There are a few classic questions that no one should ever ask his stay-at-home spouse.
Last Wednesday (the day after the election), I was perusing my Facebook feed, annoyed by all the political bickering but procrastinating doing real work, when Joe walked into the living room and asked me the A-#1 question from that list.
Did you guys do anything today?
I tilted my head down, looking at him from the tops of my eyes with raised my eyebrows.
“Did we DO anything today?” I repeated, incredulous.
“Well, yeah. You know, did you guys do anything today?”
I’ll freely admit that I looked like I’d laid around in my pajamas all day. The kids were still wearing the clothes they’d slept in. I had changed my clothes, but I put on some ratty pajama pants and a sloppy t-shirt. My clothes were clean, but not public-ready.
Because I was already on Facebook, I began typing out all the things I could remember doing that day:
- I fed two children three times each. (Actually, it was four: breakfast, snack, lunch, snack.)
- I laid in bed with a toddler for 50 minutes while she fought going to sleep.
- I cleaned up the living room twice.
- I cleared the clutter from the dining room table and washed the tablecloth.
- I taught first grade – reading, phonics, spelling, comprehension, writing, math, science, geography, and Bible.
- I played Barbies and princesses and doll house. I pretended to be Almanzo, Laura, Ma, and Mary.
- I read six books and two magazines.
- I sat in the bathroom with a toddler who wants to sit on the potty (but hasn’t yet actually used it) and twice saved the toilet paper from being stuffed down the toilet.

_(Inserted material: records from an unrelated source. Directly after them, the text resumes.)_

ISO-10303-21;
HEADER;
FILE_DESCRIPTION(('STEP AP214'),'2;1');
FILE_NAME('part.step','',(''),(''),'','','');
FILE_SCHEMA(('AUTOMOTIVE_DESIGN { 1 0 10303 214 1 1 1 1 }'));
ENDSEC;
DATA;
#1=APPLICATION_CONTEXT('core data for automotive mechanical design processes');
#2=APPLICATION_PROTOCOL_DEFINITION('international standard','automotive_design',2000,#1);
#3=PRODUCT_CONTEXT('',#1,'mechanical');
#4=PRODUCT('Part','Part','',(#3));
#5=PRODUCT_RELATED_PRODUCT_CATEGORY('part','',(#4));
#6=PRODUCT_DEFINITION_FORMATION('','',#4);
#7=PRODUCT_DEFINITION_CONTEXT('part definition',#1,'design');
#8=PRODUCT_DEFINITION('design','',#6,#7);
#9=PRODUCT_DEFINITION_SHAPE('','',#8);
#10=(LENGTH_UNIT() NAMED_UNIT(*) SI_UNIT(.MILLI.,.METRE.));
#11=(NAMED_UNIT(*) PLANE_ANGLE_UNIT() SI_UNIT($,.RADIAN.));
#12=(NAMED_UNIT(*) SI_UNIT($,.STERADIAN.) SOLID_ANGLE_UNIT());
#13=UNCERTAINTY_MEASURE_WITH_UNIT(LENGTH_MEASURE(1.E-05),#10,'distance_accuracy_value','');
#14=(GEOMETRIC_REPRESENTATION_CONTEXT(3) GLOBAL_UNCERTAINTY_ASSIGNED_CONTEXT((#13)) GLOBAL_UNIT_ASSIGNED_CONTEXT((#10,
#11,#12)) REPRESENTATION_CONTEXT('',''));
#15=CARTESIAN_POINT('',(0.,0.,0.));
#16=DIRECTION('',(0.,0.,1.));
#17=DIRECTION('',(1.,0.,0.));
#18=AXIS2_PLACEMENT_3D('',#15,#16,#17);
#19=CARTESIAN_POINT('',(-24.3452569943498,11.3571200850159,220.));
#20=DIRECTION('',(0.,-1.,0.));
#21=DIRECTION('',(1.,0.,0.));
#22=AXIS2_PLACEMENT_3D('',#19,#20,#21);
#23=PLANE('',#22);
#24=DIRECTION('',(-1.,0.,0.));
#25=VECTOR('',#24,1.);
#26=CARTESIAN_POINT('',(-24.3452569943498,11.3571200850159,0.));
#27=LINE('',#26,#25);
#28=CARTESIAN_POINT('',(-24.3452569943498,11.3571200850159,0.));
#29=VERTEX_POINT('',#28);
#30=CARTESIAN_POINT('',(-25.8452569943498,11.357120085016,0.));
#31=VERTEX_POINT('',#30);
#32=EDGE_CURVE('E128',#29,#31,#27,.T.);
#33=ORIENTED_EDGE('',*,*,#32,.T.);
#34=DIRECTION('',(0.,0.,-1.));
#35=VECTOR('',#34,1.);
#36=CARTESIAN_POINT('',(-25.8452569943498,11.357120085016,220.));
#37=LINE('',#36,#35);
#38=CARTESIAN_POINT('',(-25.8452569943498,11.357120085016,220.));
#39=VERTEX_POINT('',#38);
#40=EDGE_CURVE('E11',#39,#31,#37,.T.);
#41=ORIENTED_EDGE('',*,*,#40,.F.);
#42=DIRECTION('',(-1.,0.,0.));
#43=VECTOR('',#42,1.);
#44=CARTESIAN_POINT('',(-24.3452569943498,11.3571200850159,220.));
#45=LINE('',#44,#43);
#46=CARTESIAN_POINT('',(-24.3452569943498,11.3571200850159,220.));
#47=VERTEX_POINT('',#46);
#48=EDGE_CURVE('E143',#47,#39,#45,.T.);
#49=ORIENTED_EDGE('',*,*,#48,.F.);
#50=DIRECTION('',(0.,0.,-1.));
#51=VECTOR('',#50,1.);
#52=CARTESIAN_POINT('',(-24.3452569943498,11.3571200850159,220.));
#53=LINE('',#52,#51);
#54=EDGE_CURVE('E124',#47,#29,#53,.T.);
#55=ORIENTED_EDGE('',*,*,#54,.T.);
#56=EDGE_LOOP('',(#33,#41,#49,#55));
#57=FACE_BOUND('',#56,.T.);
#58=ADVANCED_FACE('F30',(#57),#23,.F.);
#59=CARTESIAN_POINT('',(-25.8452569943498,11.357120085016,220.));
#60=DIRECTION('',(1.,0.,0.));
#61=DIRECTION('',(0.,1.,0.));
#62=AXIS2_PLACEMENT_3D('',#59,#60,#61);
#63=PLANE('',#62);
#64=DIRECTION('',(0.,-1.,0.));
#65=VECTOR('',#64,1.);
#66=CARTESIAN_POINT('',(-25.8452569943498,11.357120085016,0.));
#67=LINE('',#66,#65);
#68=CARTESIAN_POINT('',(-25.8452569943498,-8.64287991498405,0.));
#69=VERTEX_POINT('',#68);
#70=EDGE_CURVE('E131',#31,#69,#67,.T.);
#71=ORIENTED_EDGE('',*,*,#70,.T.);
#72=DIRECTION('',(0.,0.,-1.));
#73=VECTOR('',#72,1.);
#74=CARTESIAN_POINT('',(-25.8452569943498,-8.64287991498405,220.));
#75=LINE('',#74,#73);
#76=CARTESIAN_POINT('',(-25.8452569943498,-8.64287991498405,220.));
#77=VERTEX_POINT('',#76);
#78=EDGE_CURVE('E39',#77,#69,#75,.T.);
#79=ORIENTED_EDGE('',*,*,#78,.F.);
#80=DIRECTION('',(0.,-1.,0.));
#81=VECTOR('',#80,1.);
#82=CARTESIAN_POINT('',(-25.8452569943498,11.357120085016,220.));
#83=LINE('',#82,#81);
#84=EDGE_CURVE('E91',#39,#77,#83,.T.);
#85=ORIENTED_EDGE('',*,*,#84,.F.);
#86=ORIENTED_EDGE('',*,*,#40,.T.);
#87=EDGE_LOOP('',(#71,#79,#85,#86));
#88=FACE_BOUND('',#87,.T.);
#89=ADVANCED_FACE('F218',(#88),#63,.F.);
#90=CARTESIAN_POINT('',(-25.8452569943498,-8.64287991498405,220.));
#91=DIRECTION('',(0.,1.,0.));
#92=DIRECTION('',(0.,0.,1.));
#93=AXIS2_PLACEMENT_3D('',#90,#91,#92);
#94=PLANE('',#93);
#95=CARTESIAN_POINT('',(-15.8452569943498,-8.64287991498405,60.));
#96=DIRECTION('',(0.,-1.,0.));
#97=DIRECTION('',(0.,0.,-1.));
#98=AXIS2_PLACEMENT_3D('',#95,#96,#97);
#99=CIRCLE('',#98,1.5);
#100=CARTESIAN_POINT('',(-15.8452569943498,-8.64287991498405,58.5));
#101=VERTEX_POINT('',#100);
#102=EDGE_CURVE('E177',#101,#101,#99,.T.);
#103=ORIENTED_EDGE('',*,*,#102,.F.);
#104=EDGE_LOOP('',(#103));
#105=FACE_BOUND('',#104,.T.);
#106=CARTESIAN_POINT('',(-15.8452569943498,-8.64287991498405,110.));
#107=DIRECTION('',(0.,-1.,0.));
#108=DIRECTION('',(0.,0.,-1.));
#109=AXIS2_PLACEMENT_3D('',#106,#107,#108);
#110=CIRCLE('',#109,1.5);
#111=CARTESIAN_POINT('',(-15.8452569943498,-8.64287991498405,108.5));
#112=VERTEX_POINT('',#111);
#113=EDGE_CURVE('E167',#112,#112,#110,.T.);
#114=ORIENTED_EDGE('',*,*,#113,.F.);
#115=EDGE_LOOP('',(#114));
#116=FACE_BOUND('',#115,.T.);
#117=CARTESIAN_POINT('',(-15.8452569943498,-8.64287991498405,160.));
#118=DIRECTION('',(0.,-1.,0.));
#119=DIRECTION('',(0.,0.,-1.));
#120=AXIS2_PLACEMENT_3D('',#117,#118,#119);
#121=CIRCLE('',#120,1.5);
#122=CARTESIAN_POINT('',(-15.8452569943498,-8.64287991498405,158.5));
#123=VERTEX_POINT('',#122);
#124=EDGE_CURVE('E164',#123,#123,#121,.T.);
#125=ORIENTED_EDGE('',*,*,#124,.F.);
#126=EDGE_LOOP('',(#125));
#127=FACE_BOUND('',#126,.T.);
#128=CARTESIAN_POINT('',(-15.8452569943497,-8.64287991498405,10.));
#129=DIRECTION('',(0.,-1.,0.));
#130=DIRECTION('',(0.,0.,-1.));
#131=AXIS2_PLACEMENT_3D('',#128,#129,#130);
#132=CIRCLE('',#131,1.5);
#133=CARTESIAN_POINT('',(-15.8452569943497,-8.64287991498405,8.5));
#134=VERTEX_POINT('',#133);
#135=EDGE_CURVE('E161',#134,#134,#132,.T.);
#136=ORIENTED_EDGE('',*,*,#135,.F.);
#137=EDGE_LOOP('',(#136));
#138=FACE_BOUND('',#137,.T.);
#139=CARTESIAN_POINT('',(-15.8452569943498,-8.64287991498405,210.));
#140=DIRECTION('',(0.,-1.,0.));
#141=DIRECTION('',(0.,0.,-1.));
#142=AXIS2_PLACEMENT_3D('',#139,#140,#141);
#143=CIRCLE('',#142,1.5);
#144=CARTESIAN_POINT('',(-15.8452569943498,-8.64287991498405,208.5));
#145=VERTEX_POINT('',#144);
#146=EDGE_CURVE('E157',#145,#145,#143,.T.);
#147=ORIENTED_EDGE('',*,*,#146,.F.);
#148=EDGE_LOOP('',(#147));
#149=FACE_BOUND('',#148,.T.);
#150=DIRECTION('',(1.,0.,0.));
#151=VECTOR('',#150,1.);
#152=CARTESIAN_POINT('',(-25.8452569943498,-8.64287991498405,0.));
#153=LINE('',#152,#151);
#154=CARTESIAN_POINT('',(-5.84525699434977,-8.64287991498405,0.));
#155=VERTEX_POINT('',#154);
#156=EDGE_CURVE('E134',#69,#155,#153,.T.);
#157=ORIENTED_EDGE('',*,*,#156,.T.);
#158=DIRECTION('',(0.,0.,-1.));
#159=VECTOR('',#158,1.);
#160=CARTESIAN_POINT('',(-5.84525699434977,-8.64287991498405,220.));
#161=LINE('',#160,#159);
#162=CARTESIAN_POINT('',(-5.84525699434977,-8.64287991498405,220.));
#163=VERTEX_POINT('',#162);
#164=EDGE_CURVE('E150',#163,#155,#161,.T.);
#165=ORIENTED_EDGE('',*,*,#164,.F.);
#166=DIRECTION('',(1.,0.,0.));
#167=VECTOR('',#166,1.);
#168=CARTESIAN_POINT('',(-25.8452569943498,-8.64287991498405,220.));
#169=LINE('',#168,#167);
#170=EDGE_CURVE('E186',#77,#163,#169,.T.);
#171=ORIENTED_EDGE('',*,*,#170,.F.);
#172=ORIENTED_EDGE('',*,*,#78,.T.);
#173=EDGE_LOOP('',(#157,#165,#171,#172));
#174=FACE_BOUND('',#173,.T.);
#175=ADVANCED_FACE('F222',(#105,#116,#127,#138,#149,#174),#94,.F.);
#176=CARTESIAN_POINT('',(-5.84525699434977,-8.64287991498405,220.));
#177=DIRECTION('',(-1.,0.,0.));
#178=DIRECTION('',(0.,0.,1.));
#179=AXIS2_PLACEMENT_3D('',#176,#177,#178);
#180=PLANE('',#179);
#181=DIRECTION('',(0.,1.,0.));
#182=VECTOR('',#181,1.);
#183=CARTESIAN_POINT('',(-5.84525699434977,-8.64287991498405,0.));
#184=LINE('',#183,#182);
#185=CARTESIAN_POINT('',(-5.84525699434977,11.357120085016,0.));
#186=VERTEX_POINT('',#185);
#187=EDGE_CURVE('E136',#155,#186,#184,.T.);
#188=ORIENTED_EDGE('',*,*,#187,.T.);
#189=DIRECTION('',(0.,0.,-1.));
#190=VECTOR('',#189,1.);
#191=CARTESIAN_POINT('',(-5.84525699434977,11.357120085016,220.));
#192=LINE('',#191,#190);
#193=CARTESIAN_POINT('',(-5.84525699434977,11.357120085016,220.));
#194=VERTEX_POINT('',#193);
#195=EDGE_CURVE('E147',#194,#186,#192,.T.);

- I taught Grace how to use a spirograph and a scientific balance.
- I watered eight plants, including the five I started from leaves.
- I gathered markers from all over the house and put them in a bucket in the living room.
- I helped Grace make a craft.
- I wrote checks to pay some bills.
- I washed faces and hands and wiped butts.
- I smoothed over countless epic meltdowns and sibling squabbles.
I looked back up at him and said, “Yes, dear. I did something today.” and read the list from my Facebook wall.
Sheepish, he said, “I didn’t mean it like that! I meant ‘What did you do today?’ or ‘Did you do anything exciting today?’ I was just being interested in your day!”
I reminded him that he may have meant those things but what he said was, “Did you do anything today?”
This is a question that pierces a nerve amongst women (and probably stay at home men, too); my Facebook post was liked by 52 people.
Joe is very well-meaning, and he would never imply that I didn’t do anything all day. He has said many times that he wouldn’t want my job (neither the work from home part nor the stay at home with the kids part).
So why did that one poorly-worded but well-meaning question make me feel like I had to defend myself?